━━ Record set

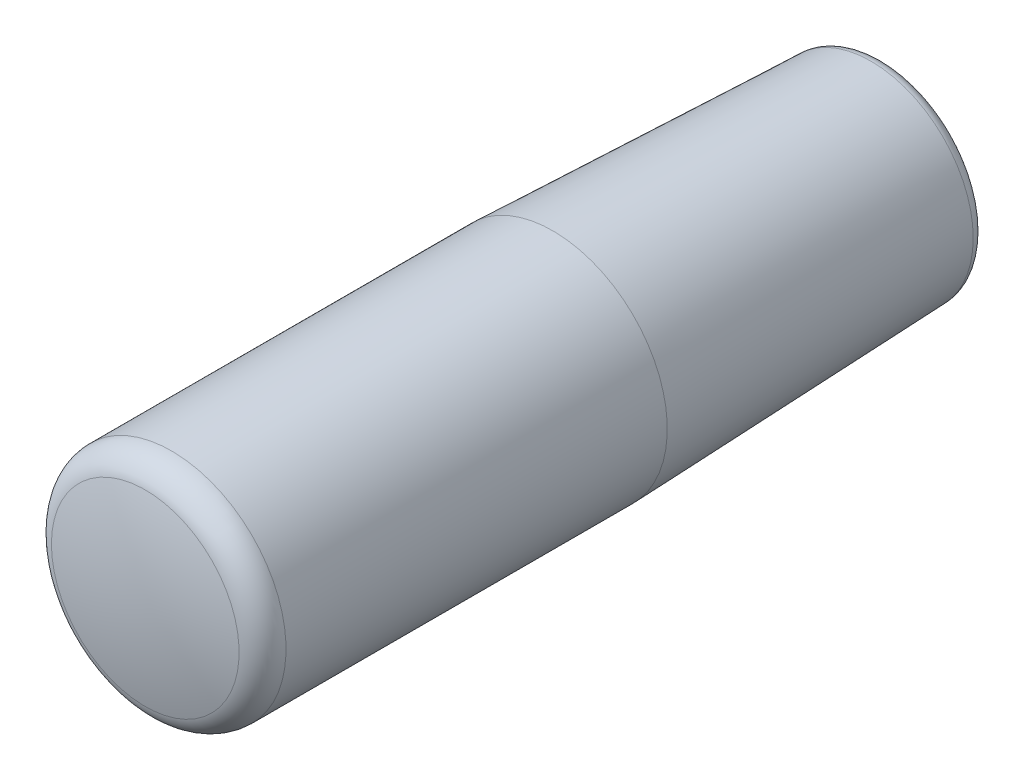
ISO-10303-21;
HEADER;
FILE_DESCRIPTION(('STEP AP214'),'2;1');
FILE_NAME('part.step','',(''),(''),'','','');
FILE_SCHEMA(('AUTOMOTIVE_DESIGN { 1 0 10303 214 1 1 1 1 }'));
ENDSEC;
DATA;
#1=APPLICATION_CONTEXT('core data for automotive mechanical design processes');
#2=APPLICATION_PROTOCOL_DEFINITION('international standard','automotive_design',2000,#1);
#3=PRODUCT_CONTEXT('',#1,'mechanical');
#4=PRODUCT('Part','Part','',(#3));
#5=PRODUCT_RELATED_PRODUCT_CATEGORY('part','',(#4));
#6=PRODUCT_DEFINITION_FORMATION('','',#4);
#7=PRODUCT_DEFINITION_CONTEXT('part definition',#1,'design');
#8=PRODUCT_DEFINITION('design','',#6,#7);
#9=PRODUCT_DEFINITION_SHAPE('','',#8);
#10=(LENGTH_UNIT() NAMED_UNIT(*) SI_UNIT(.MILLI.,.METRE.));
#11=(NAMED_UNIT(*) PLANE_ANGLE_UNIT() SI_UNIT($,.RADIAN.));
#12=(NAMED_UNIT(*) SI_UNIT($,.STERADIAN.) SOLID_ANGLE_UNIT());
#13=UNCERTAINTY_MEASURE_WITH_UNIT(LENGTH_MEASURE(1.E-05),#10,'distance_accuracy_value','');
#14=(GEOMETRIC_REPRESENTATION_CONTEXT(3) GLOBAL_UNCERTAINTY_ASSIGNED_CONTEXT((#13)) GLOBAL_UNIT_ASSIGNED_CONTEXT((#10,
#11,#12)) REPRESENTATION_CONTEXT('',''));
#15=CARTESIAN_POINT('',(0.,0.,0.));
#16=DIRECTION('',(0.,0.,1.));
#17=DIRECTION('',(1.,0.,0.));
#18=AXIS2_PLACEMENT_3D('',#15,#16,#17);
#19=CARTESIAN_POINT('',(0.,0.,1.));
#20=DIRECTION('',(0.,0.,-1.));
#21=DIRECTION('',(-1.,0.,0.));
#22=AXIS2_PLACEMENT_3D('',#19,#20,#21);
#23=TOROIDAL_SURFACE('',#22,7.03772216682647,1.);
#24=CARTESIAN_POINT('',(0.,0.,0.));
#25=DIRECTION('',(0.,0.,-1.));
#26=DIRECTION('',(-1.,0.,0.));
#27=AXIS2_PLACEMENT_3D('',#24,#25,#26);
#28=CIRCLE('',#27,7.03772216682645);
#29=CARTESIAN_POINT('',(-7.03772216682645,0.,0.));
#30=VERTEX_POINT('',#29);
#31=EDGE_CURVE('E8',#30,#30,#28,.T.);
#32=ORIENTED_EDGE('',*,*,#31,.F.);
#33=EDGE_LOOP('',(#32));
#34=FACE_BOUND('',#33,.T.);
#35=CARTESIAN_POINT('',(0.,0.,0.961566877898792));
#36=DIRECTION('',(0.,0.,-1.));
#37=DIRECTION('',(-1.,0.,0.));
#38=AXIS2_PLACEMENT_3D('',#35,#36,#37);
#39=CIRCLE('',#38,8.03698334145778);
#40=CARTESIAN_POINT('',(-8.03698334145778,0.,0.961566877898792));
#41=VERTEX_POINT('',#40);
#42=EDGE_CURVE('E34',#41,#41,#39,.T.);
#43=ORIENTED_EDGE('',*,*,#42,.T.);
#44=EDGE_LOOP('',(#43));
#45=FACE_BOUND('',#44,.T.);
#46=ADVANCED_FACE('F12',(#34,#45),#23,.T.);
#47=CARTESIAN_POINT('',(0.,7.03772216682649,0.));
#48=DIRECTION('',(0.,0.,1.));
#49=DIRECTION('',(1.,0.,0.));
#50=AXIS2_PLACEMENT_3D('',#47,#48,#49);
#51=PLANE('',#50);
#52=CARTESIAN_POINT('',(0.,0.,0.));
#53=DIRECTION('',(0.,0.,-1.));
#54=DIRECTION('',(-1.,0.,0.));
#55=AXIS2_PLACEMENT_3D('',#52,#53,#54);
#56=CIRCLE('',#55,4.);
#57=CARTESIAN_POINT('',(-4.,0.,0.));
#58=VERTEX_POINT('',#57);
#59=EDGE_CURVE('E18',#58,#58,#56,.T.);
#60=ORIENTED_EDGE('',*,*,#59,.F.);
#61=EDGE_LOOP('',(#60));
#62=FACE_BOUND('',#61,.T.);
#63=ORIENTED_EDGE('',*,*,#31,.T.);
#64=EDGE_LOOP('',(#63));
#65=FACE_BOUND('',#64,.T.);
#66=ADVANCED_FACE('F46',(#62,#65),#51,.F.);
#67=CARTESIAN_POINT('',(0.,0.,-2.5));
#68=DIRECTION('',(0.,0.,-1.));
#69=DIRECTION('',(-1.,0.,0.));
#70=AXIS2_PLACEMENT_3D('',#67,#68,#69);
#71=CYLINDRICAL_SURFACE('',#70,4.);
#72=CARTESIAN_POINT('',(0.,0.,12.));
#73=DIRECTION('',(0.,0.,-1.));
#74=DIRECTION('',(-1.,0.,0.));
#75=AXIS2_PLACEMENT_3D('',#72,#73,#74);
#76=CIRCLE('',#75,4.);
#77=CARTESIAN_POINT('',(-4.,0.,12.));
#78=VERTEX_POINT('',#77);
#79=EDGE_CURVE('E37',#78,#78,#76,.T.);
#80=ORIENTED_EDGE('',*,*,#79,.F.);
#81=EDGE_LOOP('',(#80));
#82=FACE_BOUND('',#81,.T.);
#83=ORIENTED_EDGE('',*,*,#59,.T.);
#84=EDGE_LOOP('',(#83));
#85=FACE_BOUND('',#84,.T.);
#86=ADVANCED_FACE('F43',(#82,#85),#71,.F.);
#87=CARTESIAN_POINT('',(0.,0.,29.));
#88=DIRECTION('',(-1.,0.,0.));
#89=DIRECTION('',(0.,0.,1.));
#90=AXIS2_PLACEMENT_3D('',#87,#88,#89);
#91=SPHERICAL_SURFACE('',#90,30.);
#92=CARTESIAN_POINT('',(0.,0.,29.));
#93=DIRECTION('',(0.,0.,-1.));
#94=DIRECTION('',(-1.,0.,0.));
#95=AXIS2_PLACEMENT_3D('',#92,#93,#94);
#96=SPHERICAL_SURFACE('',#95,30.);
#97=CARTESIAN_POINT('',(0.,0.,58.0769230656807));
#98=DIRECTION('',(0.,0.,-1.));
#99=DIRECTION('',(-1.,0.,0.));
#100=AXIS2_PLACEMENT_3D('',#97,#98,#99);
#101=CIRCLE('',#100,7.38461542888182);
#102=CARTESIAN_POINT('',(-7.38461542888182,0.,58.0769230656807));
#103=VERTEX_POINT('',#102);
#104=EDGE_CURVE('E22',#103,#103,#101,.T.);
#105=ORIENTED_EDGE('',*,*,#104,.F.);
#106=EDGE_LOOP('',(#105));
#107=FACE_BOUND('',#106,.T.);
#108=ADVANCED_FACE('F45',(#107),#96,.T.);
#109=CARTESIAN_POINT('',(0.,0.,56.));
#110=DIRECTION('',(0.,0.,-1.));
#111=DIRECTION('',(-1.,0.,0.));
#112=AXIS2_PLACEMENT_3D('',#109,#110,#111);
#113=TOROIDAL_SURFACE('',#112,6.8571428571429,2.14285714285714);
#114=CARTESIAN_POINT('',(0.,0.,56.));
#115=DIRECTION('',(0.,0.,-1.));
#116=DIRECTION('',(-1.,0.,0.));
#117=AXIS2_PLACEMENT_3D('',#114,#115,#116);
#118=CIRCLE('',#117,9.);
#119=CARTESIAN_POINT('',(-9.,0.,56.));
#120=VERTEX_POINT('',#119);
#121=EDGE_CURVE('E26',#120,#120,#118,.T.);
#122=ORIENTED_EDGE('',*,*,#121,.F.);
#123=EDGE_LOOP('',(#122));
#124=FACE_BOUND('',#123,.T.);
#125=ORIENTED_EDGE('',*,*,#104,.T.);
#126=EDGE_LOOP('',(#125));
#127=FACE_BOUND('',#126,.T.);
#128=ADVANCED_FACE('F53',(#124,#127),#113,.T.);
#129=CARTESIAN_POINT('',(0.,0.,-2.5));
#130=DIRECTION('',(0.,0.,-1.));
#131=DIRECTION('',(-1.,0.,0.));
#132=AXIS2_PLACEMENT_3D('',#129,#130,#131);
#133=CYLINDRICAL_SURFACE('',#132,9.);
#134=ORIENTED_EDGE('',*,*,#121,.T.);
#135=EDGE_LOOP('',(#134));
#136=FACE_BOUND('',#135,.T.);
#137=CARTESIAN_POINT('',(0.,0.,26.));
#138=DIRECTION('',(0.,0.,-1.));
#139=DIRECTION('',(-1.,0.,0.));
#140=AXIS2_PLACEMENT_3D('',#137,#138,#139);
#141=CIRCLE('',#140,9.);
#142=CARTESIAN_POINT('',(-9.,0.,26.));
#143=VERTEX_POINT('',#142);
#144=EDGE_CURVE('E31',#143,#143,#141,.T.);
#145=ORIENTED_EDGE('',*,*,#144,.F.);
#146=EDGE_LOOP('',(#145));
#147=FACE_BOUND('',#146,.T.);
#148=ADVANCED_FACE('F66',(#136,#147),#133,.T.);
#149=CARTESIAN_POINT('',(0.,0.,0.961566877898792));
#150=DIRECTION('',(0.,0.,1.));
#151=DIRECTION('',(1.,0.,0.));
#152=AXIS2_PLACEMENT_3D('',#149,#150,#151);
#153=CONICAL_SURFACE('',#152,8.03698334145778,0.0384425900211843);
#154=ORIENTED_EDGE('',*,*,#144,.T.);
#155=EDGE_LOOP('',(#154));
#156=FACE_BOUND('',#155,.T.);
#157=ORIENTED_EDGE('',*,*,#42,.F.);
#158=EDGE_LOOP('',(#157));
#159=FACE_BOUND('',#158,.T.);
#160=ADVANCED_FACE('F64',(#156,#159),#153,.T.);
#161=CARTESIAN_POINT('',(0.,0.,12.));
#162=DIRECTION('',(0.,0.,-1.));
#163=DIRECTION('',(-1.,0.,0.));
#164=AXIS2_PLACEMENT_3D('',#161,#162,#163);
#165=PLANE('',#164);
#166=ORIENTED_EDGE('',*,*,#79,.T.);
#167=EDGE_LOOP('',(#166));
#168=FACE_BOUND('',#167,.T.);
#169=ADVANCED_FACE('F41',(#168),#165,.T.);
#170=CLOSED_SHELL('',(#46,#66,#86,#108,#128,#148,#160,#169));
#171=MANIFOLD_SOLID_BREP('B1',#170);
#172=ADVANCED_BREP_SHAPE_REPRESENTATION('',(#18,#171),#14);
#173=SHAPE_DEFINITION_REPRESENTATION(#9,#172);
ENDSEC;
END-ISO-10303-21;

━━━━

* What the task asks *
Will you return exactly the lines above from the one with "#50=AXIS2_PLACEMENT_3D('',#47,#48,#49);" down to the one with "#101=CIRCLE('',#100,7.38461542888182);", counting both as part of the range?

* Result below *
#50=AXIS2_PLACEMENT_3D('',#47,#48,#49);
#51=PLANE('',#50);
#52=CARTESIAN_POINT('',(0.,0.,0.));
#53=DIRECTION('',(0.,0.,-1.));
#54=DIRECTION('',(-1.,0.,0.));
#55=AXIS2_PLACEMENT_3D('',#52,#53,#54);
#56=CIRCLE('',#55,4.);
#57=CARTESIAN_POINT('',(-4.,0.,0.));
#58=VERTEX_POINT('',#57);
#59=EDGE_CURVE('E18',#58,#58,#56,.T.);
#60=ORIENTED_EDGE('',*,*,#59,.F.);
#61=EDGE_LOOP('',(#60));
#62=FACE_BOUND('',#61,.T.);
#63=ORIENTED_EDGE('',*,*,#31,.T.);
#64=EDGE_LOOP('',(#63));
#65=FACE_BOUND('',#64,.T.);
#66=ADVANCED_FACE('F46',(#62,#65),#51,.F.);
#67=CARTESIAN_POINT('',(0.,0.,-2.5));
#68=DIRECTION('',(0.,0.,-1.));
#69=DIRECTION('',(-1.,0.,0.));
#70=AXIS2_PLACEMENT_3D('',#67,#68,#69);
#71=CYLINDRICAL_SURFACE('',#70,4.);
#72=CARTESIAN_POINT('',(0.,0.,12.));
#73=DIRECTION('',(0.,0.,-1.));
#74=DIRECTION('',(-1.,0.,0.));
#75=AXIS2_PLACEMENT_3D('',#72,#73,#74);
#76=CIRCLE('',#75,4.);
#77=CARTESIAN_POINT('',(-4.,0.,12.));
#78=VERTEX_POINT('',#77);
#79=EDGE_CURVE('E37',#78,#78,#76,.T.);
#80=ORIENTED_EDGE('',*,*,#79,.F.);
#81=EDGE_LOOP('',(#80));
#82=FACE_BOUND('',#81,.T.);
#83=ORIENTED_EDGE('',*,*,#59,.T.);
#84=EDGE_LOOP('',(#83));
#85=FACE_BOUND('',#84,.T.);
#86=ADVANCED_FACE('F43',(#82,#85),#71,.F.);
#87=CARTESIAN_POINT('',(0.,0.,29.));
#88=DIRECTION('',(-1.,0.,0.));
#89=DIRECTION('',(0.,0.,1.));
#90=AXIS2_PLACEMENT_3D('',#87,#88,#89);
#91=SPHERICAL_SURFACE('',#90,30.);
#92=CARTESIAN_POINT('',(0.,0.,29.));
#93=DIRECTION('',(0.,0.,-1.));
#94=DIRECTION('',(-1.,0.,0.));
#95=AXIS2_PLACEMENT_3D('',#92,#93,#94);
#96=SPHERICAL_SURFACE('',#95,30.);
#97=CARTESIAN_POINT('',(0.,0.,58.0769230656807));
#98=DIRECTION('',(0.,0.,-1.));
#99=DIRECTION('',(-1.,0.,0.));
#100=AXIS2_PLACEMENT_3D('',#97,#98,#99);
#101=CIRCLE('',#100,7.38461542888182);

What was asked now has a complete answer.